# PLease critique my riding and jumping



## Frankiee (Jun 28, 2010)

hey guys  

So its the begining of the season so I know I got lots to work on!! My position isnt the best ! I know I have to put my heels down more and not clinch my knees as much and follow his neck with my hands and keep my seat closer to the saddle and all that! so If you guys see anything else or have any suggestion go for it  
Thanks


----------



## Frankiee (Jun 28, 2010)

anyone ???


----------



## VanillaBean (Oct 19, 2008)

Your hands are way too far up his neck, especially over jumps. For jumps that small you only need to put your hands a few inces up his neck. 

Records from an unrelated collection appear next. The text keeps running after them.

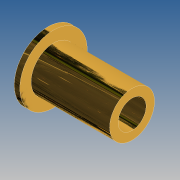
# Autodesk Inventor part: M003
Saved by Autodesk Inventor 2017 (Build 210142000, 142)
## iProperties
Created: 2018-10-12
Part Number: M003
Material: Laiton / Messing
Document SubType Name: Modeling
Designer: Gilles Mottiez
Density: 8.47 g/cm^3
Appearance: Laiton - Satiné
Description: Palier demi-coque de face
Mass: 4.42379 g
Surface Area: 8.12102 cm^2
Volume: 0.52229 cm^3
Author: Gilles Mottiez
Autodesk Inventor part; units mm, degrees
ref_plane "YZ Plane" through (0, 0, 0) normal (1, 0, 0) x (0, 1, 0)
ref_plane "XZ Plane" through (0, 0, 0) normal (0, 1, 0) x (-1, 0, 0)
ref_plane "XY Plane" through (0, 0, 0) normal (0, 0, 1) x (1, 0, 0)
sketch "Sketch1" plane through (0, 0, 0) normal (0, 0, 1) x (1, 0, 0)
  line L0 (0, 0) -> (15, 0) construction
  line L1 (0, 0) -> (0, 15) construction
  line L2 (15, 0) -> (15, 15) construction
  line L3 (0, 6) -> (0, 2.5)
  line L4 (15, 2.5) -> (0, 2.5)
  line L5 (0, 6) -> (1, 6)
  line L6 (1, 6) -> (1, 4)
  line L7 (1, 4) -> (15, 4)
  line L8 (15, 4) -> (15, 2.5)
  dimension "d0" = 15
  dimension "d1" = 15
  dimension "d2" = 15
  dimension "d3" = 5
  dimension "d4" = 8
  dimension "d5" = 12
  dimension "d6" = 1
  constraints: 18 end point, 4 point on line, 3 perpendicular, 2 horizontal, 2 vertical, 1 collinear
  measures "d0" distance of L0.start L1.end
  measures "d1" distance of L0.end L2.end
  measures "d2" distance between parallel lines of L2 L1
  measures "d3" diameter of L4 L0
  measures "d4" diameter of L7 L0
  measures "d5" diameter of L5 L0
  measures "d6" distance of L3.start L5.end
revolve "Révolution1" add sketch "Sketch1" angle 360 about axis through (0, 0, 0) along (1, 0, 0)
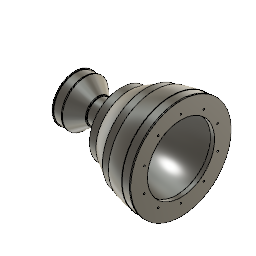
rear_mounting_shaft_eng_model (Autodesk Fusion 360 design; units mm, degrees)
Autodesk Fusion 360 part; units mm, degrees
sketch "Sketch1" plane through (0, 0, 0) normal (0, 1, 0) x (1, 0, 0)
  line L0 (0, 0) -> (253, 0) construction
  line L1 (253, 0) -> (253, -120) construction
  line L2 (0, -120) -> (0, 0) construction
  line L3 (0, -55) -> (2.5, -55)
  line L4 (2.5, -55) -> (2.5, -53)
  line L5 (2.5, -53) -> (22.5, -53)
  line L6 (22.5, -53) -> (22.5, -55)
  line L7 (22.5, -55) -> (25, -55)
  line L8 (22.5, -55) -> (57.5, -55) construction
  line L9 (57.5, -55) -> (57.5, -30) construction
  line L10 (57.5, -30) -> (55, -30)
  line L11 (25, -55) -> (55, -30)
  line L12 (57.5, -30) -> (57.5, -29.7796)
  line L13 (57.5, -29.7796) -> (57.5, -28)
  line L14 (57.5, -28) -> (77.5, -28)
  line L15 (77.5, -28) -> (77.5, -30)
  line L16 (77.5, -30) -> (80, -30)
  line L17 (253, -120) -> (250, -120)
  line L18 (0, -55) -> (0, -30)
  arc A0 (87.5, -23.2906) -> (243, -109.7053) centre (255.0428, 95.0809) ccw
  line L19 (23.7795, -43) -> (51.1319, -20.2063)
  line L20 (10, -43) -> (23.7795, -43)
  line L21 (10, -43) -> (10, -30)
  line L22 (10, -30) -> (0, -30)
  line L23 (51.1319, -20.2063) -> (85.3629, -20.2063)
  line L24 (253, -120) -> (253, -110)
  arc A1 (85.3629, -20.2063) -> (243, -109.7053) centre (255.0428, 95.0809) ccw
  line L25 (253, -110) -> (253, -80)
  line L26 (253, -80) -> (243, -80)
  line L27 (243, -80) -> (243, -109.7053)
  line L28 (230, -118.5966) -> (230, -117.5)
  line L29 (230, -117.5) -> (250, -117.5)
  line L30 (250, -117.5) -> (250, -120)
  line L31 (253, -120) -> (250, -120) construction
  line L32 (230, -120) -> (0, -120) construction
  line L33 (190, -167.9989) -> (190, 64.1278) construction
  line L34 (170, -159.3868) -> (170, 52.862) construction
  line L35 (130, -158.4855) -> (130, 61.424) construction
  line L36 (110, -157.8306) -> (110, 88.7531) construction
  line L37 (358.5261, -104.57) -> (17.8717, -104.57) construction
  line L38 (363.4901, -75.89) -> (29.0407, -75.89) construction
  line L39 (170, -102.5373) -> (170, -104.57)
  line L40 (190, -104.57) -> (170, -104.57)
  arc A2 (190, -109.9914) -> (230, -118.5966) centre (255.0428, 95.0809) ccw
  line L41 (190, -109.9914) -> (190, -104.57)
  line L42 (110, -75.89) -> (130, -75.89)
  line L43 (110, -63.8147) -> (110, -75.89)
  line L44 (130, -75.89) -> (130, -79.9891)
  arc A3 (80, -30) -> (110, -63.8147) centre (255.0428, 95.0809) ccw
  arc A4 (130, -79.9891) -> (170, -102.5373) centre (255.0428, 95.0809) ccw
  dimension "d78" = 120
  dimension "d79" = 253
  dimension "d80" = 55
  dimension "d81" = 2.5
  dimension "d82" = 20
  dimension "d83" = 2
  dimension "d84" = 2
  dimension "d85" = 2.5
  dimension "d86" = 35
  dimension "d87" = 25
  dimension "d88" = 2.5
  dimension "d89" = 20
  dimension "d90" = 2
  dimension "d91" = 2
  dimension "d92" = 2.5
  dimension "d93" = 3
  dimension "d94" = 215.14
  dimension "d95" = 25
  dimension "d97" = 7.7937
  dimension "d98" = 80
  dimension "d99" = 10
  dimension "d100" = 20
  dimension "d101" = 2.5
  dimension "d102" = 40
  dimension "d103" = 20
  dimension "d104" = 40
  dimension "d105" = 20
  dimension "d106" = 75.89
  dimension "d107" = 104.57
  constraint horizontal L0
  constraint vertical L1
  constraint horizontal L31
  constraint vertical L2
  constraint coincident L0.start L2.end
  constraint coincident L2 L3.start
  constraint perpendicular L2 L3
  constraint perpendicular L3 L4
  constraint perpendicular L4 L5
  constraint perpendicular L5 L6
  constraint perpendicular L6 L7
  constraint perpendicular L2 L8
  constraint perpendicular L5 L9
  constraint perpendicular L9 L10
  constraint perpendicular L10 L13
  constraint perpendicular L13 L14
  constraint perpendicular L14 L15
  constraint perpendicular L15 L16
  constraint perpendicular L1 L17
  constraint coincident L2 L18.end
  constraint concentric A0 A3
  constraint perpendicular L21 L22
  constraint horizontal L23
  constraint concentric A0 A1
  constraint coincident L1 L25.end
  constraint parallel L1 L25
  constraint perpendicular L25 L26
  constraint perpendicular L27 L31
  constraint vertical L28
  constraint horizontal L29
  constraint vertical L30
  constraint collinear L31 L32
  constraint perpendicular L0 L33
  constraint vertical L34
  constraint vertical L35
  constraint perpendicular L0 L36
  constraint horizontal L37
  constraint horizontal L38
  constraint coincident L34 L39.start
  constraint coincident L34 L39.end
  constraint coincident L37 L39.end
  constraint coincident L37 L40.start
  constraint coincident L33 L40.start
  constraint coincident L33 A2.start
  constraint concentric A2 A3
  constraint coincident L36 L42.start
  constraint coincident L38 L42.start
  constraint coincident L35 L42.end
  constraint coincident L38 L42.end
  constraint coincident L36 L43.start
  constraint coincident L44.end A3
  constraint coincident L35 L44.end
  constraint concentric A3 A4
  measures "d78" distance of L0.end L1.end
  measures "d79" distance of L1.end L2.start
  measures "d80" distance of L0 L3
  measures "d81" distance of L3.start L3.end
  measures "d82" distance of L4.end L5.end
  measures "d83" distance of L5.end L6.end
  measures "d84" distance of L3.end L4.end
  measures "d85" distance of L6.end L7.end
  measures "d86" distance of L6.end L8.end
  measures "d87" distance of L8.end L9.end
  measures "d88" distance of L9.end L10.end
  measures "d89" distance of L13.end L14.end
  measures "d90" distance of L14.end L15.end
  measures "d91" distance of L9.end L13.end
  measures "d92" distance of L15.end L16.end
  measures "d93" distance of L1.end L17.end
  measures "d94" radius of A3
  measures "d95" distance of L3.start L18.end
  measures "d97" distance of L14 L23
  measures "d98" distance of L0.end L25.end
  measures "d99" distance of L25.end L26.end
  measures "d100" distance of L28.end L29.end
  measures "d101" distance of L17.end L29.end
  measures "d102" distance of L28.end L33
  measures "d103" distance of L33 L34
  measures "d104" distance of L34 L35
  measures "d105" distance of L35 L36
  measures "d106" distance of L0 L38
  measures "d107" distance of L0 L37
revolve "Revolve3" add sketch "Sketch1" angle 360 about axis through (0, 0, 0) along (1, 0, 0)
sketch "Sketch6" plane through (253, 0, 0) normal (1, 0, 0) x (0, 1, 0)
  circle A0 centre (0, 0) radius 80
  circle A1 centre (0, 0) radius 120
  line L0 (0, 0) -> (0, 205.4416) construction
  circle A2 centre (0, 92) radius 2
  dimension "d109" = 4
  dimension "d110" = 92
  constraint coincident A0.centre A1.centre
  constraint vertical L0
  constraint coincident L0 A2.centre
  measures "d109" diameter of A2
  measures "d110" distance of A0.centre A2.centre
extrude "Extrude3" cut sketch "Sketch6" along normal mid plane 30 contours A2
pattern_circular "C-Pattern3" count 10 over 360 about axis through (1.75, 0, 0) along (1, 0, 0) of "Extrude3"
sketch "Sketch7" plane through (0, 0, 0) normal (-1, 0, 0) x (0, -1, 0)
  circle A0 centre (0, 0) radius 55
  circle A1 centre (0, 0) radius 30
  line L0 (0, 0) -> (0, 179.9785) construction
  circle A2 centre (0, 47.5) radius 2
  dimension "d115" = 4
  dimension "d116" = 47.5
  constraint coincident A0.centre A1.centre
  constraint vertical L0
  constraint coincident L0 A2.centre
  measures "d115" diameter of A2
  measures "d116" distance of A0.centre A2.centre
extrude "Extrude4" cut sketch "Sketch7" along normal mid plane 20 contours A2
pattern_circular "C-Pattern4" count 10 over 360 about axis through (1.75, 0, 0) along (1, 0, 0) of "Extrude4"
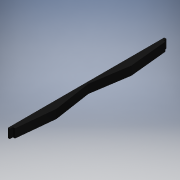
# Autodesk Inventor part: long_insert_CPY
Saved by Autodesk Inventor 2017 (Build 210142000, 142)
## iProperties
Created: 2018-01-14
Part Number: long_insert_CPY
Material: Generic
Document SubType Name: Modeling
Designer: Mitch
Density: 1 g/cm^3
Appearance: Glossy - Black
Author: Mitch
Autodesk Inventor part; units mm, degrees
ref_plane "YZ Plane" through (0, 0, 0) normal (1, 0, 0) x (0, 1, 0)
ref_plane "XZ Plane" through (0, 0, 0) normal (0, 1, 0) x (-1, 0, 0)
ref_plane "XY Plane" through (0, 0, 0) normal (0, 0, 1) x (1, 0, 0)
sketch "Sketch1" plane through (0, 0, 0) normal (0, 1, 0) x (-1, 0, 0)
  line L0 (0, 0) -> (0, -125.2474)
  line L1 (0, -125.2474) -> (-3.4036, -125.2474)
  line L2 (0, 0) -> (-3.4036, 0)
  line L3 (-3.4036, 0) -> (-6.5786, -31.3753)
  line L4 (-6.5786, -31.3753) -> (-1.778, -62.7507)
  line L5 (-1.778, -62.7507) -> (-6.5786, -93.8721)
  line L6 (-6.5786, -93.8721) -> (-3.4036, -125.2474)
  dimension "d0" = 125.2474
  dimension "d1" = 3.4036
  dimension "d2" = 3.4036
  dimension "d3" = 31.3754
  dimension "d4" = 62.7507
  dimension "d5" = 31.3754
  dimension "d6" = 3.175
  dimension "d7" = 3.175
  constraints: 14 end point, 2 horizontal, 1 vertical
  measures "d0" distance of L0.start L0.end
  measures "d1" distance of L0.end L1.end
  measures "d2" distance of L0.start L2.end
  measures "d3" distance from line of L3.end L2
  measures "d4" distance from line of L4.end L2
  measures "d5" distance from line of L5.end L1
  measures "d6" horizontal distance of L3.end L2.end
  measures "d7" horizontal distance of L5.end L1.end
extrude "Extrusion1" add sketch "Sketch1" along normal blind 7.3025
sketch "Sketch2" plane through (0, 0, 0) normal (0, 0, 1) x (1, 0, 0)
  line L0 (0, 0) -> (0, 7.3025) projected
  line L1 (3.4036, 0) -> (0, 0) projected
  line L2 (0, 7.3025) -> (1.651, 7.3025)
  line L3 (1.651, 7.3025) -> (1.651, 0)
  line L4 (1.651, 0) -> (0, 0)
  line L5 (0, 0) -> (0, 7.3025)
  dimension "d10" = 1.651
  constraints: 8 end point, 2 parallel, 1 horizontal, 1 perpendicular, 1 point on line
  measures "d10" distance of L3.end L4.end
sketch "Sketch3" plane through (3.4036, 0, -125.2474) normal (0, 0, -1) x (-1, 0, 0)
  line L0 (0, 0) -> (3.4036, 0) projected
  line L1 (3.4036, 7.3025) -> (1.7526, 7.3025)
  line L2 (1.7526, 7.3025) -> (1.7526, 0)
  line L3 (1.7526, 0) -> (3.4036, 0)
  line L4 (3.4036, 0) -> (3.4036, 7.3025)
  dimension "d11" = 1.651
  constraints: 8 end point, 2 parallel, 1 horizontal, 1 perpendicular, 1 point on line
  measures "d11" distance of L3.end L2.end
extrude "Extrusion2" add sketch "Sketch2" along normal blind 2.5654
extrude "Extrusion3" add sketch "Sketch3" along normal blind 2.5654
body "Solid1"

You have a forward seat on the flat, so do I, but try to sit back. Such a forward seat gets you in trouble later on. 

You also dont need to come so far out of the saddle for these jumps, just kind of bend at your hips. 

Good luck and cute pony!!

VB


----------



## JamieLeighx (Nov 27, 2010)

I am in no way a pro or anywere near it but i think for the height you are jumping you are too far up your horses neck .
_Posted via Mobile Device_


----------



## Frankiee (Jun 28, 2010)

ya I put my hand forward alot cause I'm so afraid t catch him in the teeth ! My coach says I also need to let my horse come to me and not me go to my horse but im not sure how to break that habit. Tho I only started jumping last november and was off for the winter so hopefuly I'll be able to fix my position.


----------



## anrz (Dec 21, 2008)

Your lower leg is slipping back and, as you noticed, your weight isn't in your heels. A lot of two-point at walk, trot, and canter should help with that. Your release is exaggerated but if you started jumping last November, since you are pretty new to it I think over-releasing is better than catching your horse in the mouth, something you seem to be aware of, which is great! You may want to begin to shorten your release slightly, however, so you don't have to fix that habit farther on down the road. On the flat (unless those pictures were taken while jumping) you may want to lengthen your stirrups a couple holes- you always want to ride with longer stirrups on the flat and then shorten them for jumping. Your upper body is a bit too far forward even for hunt seat on the flat, so focus on stretching up through your core and chest. Really focus as well on wrapping your legs around the horse- you seem to be pinching with your knees a bit. You are always looking up, so great job on that- I'm still trying to break that habit . Your horse is absolutely adorable by the way- he looks so sweet!


----------



## PintoTess (Aug 18, 2010)

Try lengthening your stirrups on the flat. they are way too short. Also what the others said about your release.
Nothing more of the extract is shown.